BEGIN

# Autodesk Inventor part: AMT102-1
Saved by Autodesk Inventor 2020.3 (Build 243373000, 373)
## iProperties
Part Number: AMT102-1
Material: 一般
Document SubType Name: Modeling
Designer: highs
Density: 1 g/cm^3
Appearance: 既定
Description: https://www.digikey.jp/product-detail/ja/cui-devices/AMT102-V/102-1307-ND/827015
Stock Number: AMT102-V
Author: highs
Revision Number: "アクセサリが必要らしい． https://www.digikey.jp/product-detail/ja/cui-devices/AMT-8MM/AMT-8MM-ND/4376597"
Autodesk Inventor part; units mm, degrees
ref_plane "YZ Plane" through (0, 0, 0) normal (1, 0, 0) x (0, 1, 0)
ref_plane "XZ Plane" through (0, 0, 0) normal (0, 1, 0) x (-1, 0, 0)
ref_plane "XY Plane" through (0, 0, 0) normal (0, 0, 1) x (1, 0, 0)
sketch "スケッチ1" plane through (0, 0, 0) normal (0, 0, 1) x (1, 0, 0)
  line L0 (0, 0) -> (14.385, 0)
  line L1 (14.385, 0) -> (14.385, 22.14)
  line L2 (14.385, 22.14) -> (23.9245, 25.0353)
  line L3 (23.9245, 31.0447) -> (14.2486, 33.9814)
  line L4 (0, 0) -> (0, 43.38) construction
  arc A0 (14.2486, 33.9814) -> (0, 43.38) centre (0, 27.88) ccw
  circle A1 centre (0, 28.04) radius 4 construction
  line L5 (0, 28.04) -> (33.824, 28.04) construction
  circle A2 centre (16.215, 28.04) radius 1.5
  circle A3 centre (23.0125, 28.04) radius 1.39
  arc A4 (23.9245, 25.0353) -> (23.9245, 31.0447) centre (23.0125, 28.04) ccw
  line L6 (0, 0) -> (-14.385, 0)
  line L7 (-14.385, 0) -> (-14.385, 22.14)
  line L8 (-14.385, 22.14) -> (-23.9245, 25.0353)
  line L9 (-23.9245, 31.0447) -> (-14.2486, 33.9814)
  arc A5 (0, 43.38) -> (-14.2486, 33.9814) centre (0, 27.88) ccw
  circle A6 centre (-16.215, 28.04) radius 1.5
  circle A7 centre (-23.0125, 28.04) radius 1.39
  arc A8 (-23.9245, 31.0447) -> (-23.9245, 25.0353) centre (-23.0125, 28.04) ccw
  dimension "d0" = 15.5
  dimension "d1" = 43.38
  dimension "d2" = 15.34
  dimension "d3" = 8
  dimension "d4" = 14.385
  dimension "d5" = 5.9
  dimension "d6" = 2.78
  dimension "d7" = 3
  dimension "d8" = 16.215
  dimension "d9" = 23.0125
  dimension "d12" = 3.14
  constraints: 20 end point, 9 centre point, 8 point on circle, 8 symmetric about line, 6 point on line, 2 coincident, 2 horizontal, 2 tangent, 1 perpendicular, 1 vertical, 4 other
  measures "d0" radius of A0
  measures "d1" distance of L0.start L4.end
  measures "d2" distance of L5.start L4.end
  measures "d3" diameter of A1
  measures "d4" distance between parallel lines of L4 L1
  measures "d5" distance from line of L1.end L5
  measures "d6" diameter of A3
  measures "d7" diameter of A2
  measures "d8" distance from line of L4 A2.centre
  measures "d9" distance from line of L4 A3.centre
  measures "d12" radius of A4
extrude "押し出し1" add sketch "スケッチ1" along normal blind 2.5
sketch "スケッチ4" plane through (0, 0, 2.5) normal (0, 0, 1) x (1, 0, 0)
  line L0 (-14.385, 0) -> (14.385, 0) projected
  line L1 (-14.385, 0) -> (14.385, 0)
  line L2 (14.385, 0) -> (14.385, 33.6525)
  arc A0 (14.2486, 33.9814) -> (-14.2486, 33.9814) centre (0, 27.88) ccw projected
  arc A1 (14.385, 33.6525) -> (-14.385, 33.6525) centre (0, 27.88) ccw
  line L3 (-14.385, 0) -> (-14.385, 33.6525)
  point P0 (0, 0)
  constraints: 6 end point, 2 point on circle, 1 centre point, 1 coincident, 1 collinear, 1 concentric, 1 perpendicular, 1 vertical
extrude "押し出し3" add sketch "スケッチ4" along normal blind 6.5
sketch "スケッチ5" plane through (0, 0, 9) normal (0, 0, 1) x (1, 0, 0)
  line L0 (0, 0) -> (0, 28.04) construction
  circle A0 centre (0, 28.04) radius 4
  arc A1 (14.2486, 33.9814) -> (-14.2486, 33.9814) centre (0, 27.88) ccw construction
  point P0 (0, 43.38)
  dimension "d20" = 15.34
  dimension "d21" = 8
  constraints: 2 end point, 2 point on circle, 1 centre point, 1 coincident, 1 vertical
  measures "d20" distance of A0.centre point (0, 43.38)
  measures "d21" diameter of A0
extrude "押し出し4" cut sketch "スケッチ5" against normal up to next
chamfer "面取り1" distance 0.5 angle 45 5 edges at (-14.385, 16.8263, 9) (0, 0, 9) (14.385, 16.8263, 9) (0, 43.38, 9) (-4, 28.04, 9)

END

Only lines that contain the string "digikey" count; pick each one out of the records and copy it.

Description: https://www.digikey.jp/product-detail/ja/cui-devices/AMT102-V/102-1307-ND/827015
Revision Number: "アクセサリが必要らしい． https://www.digikey.jp/product-detail/ja/cui-devices/AMT-8MM/AMT-8MM-ND/4376597"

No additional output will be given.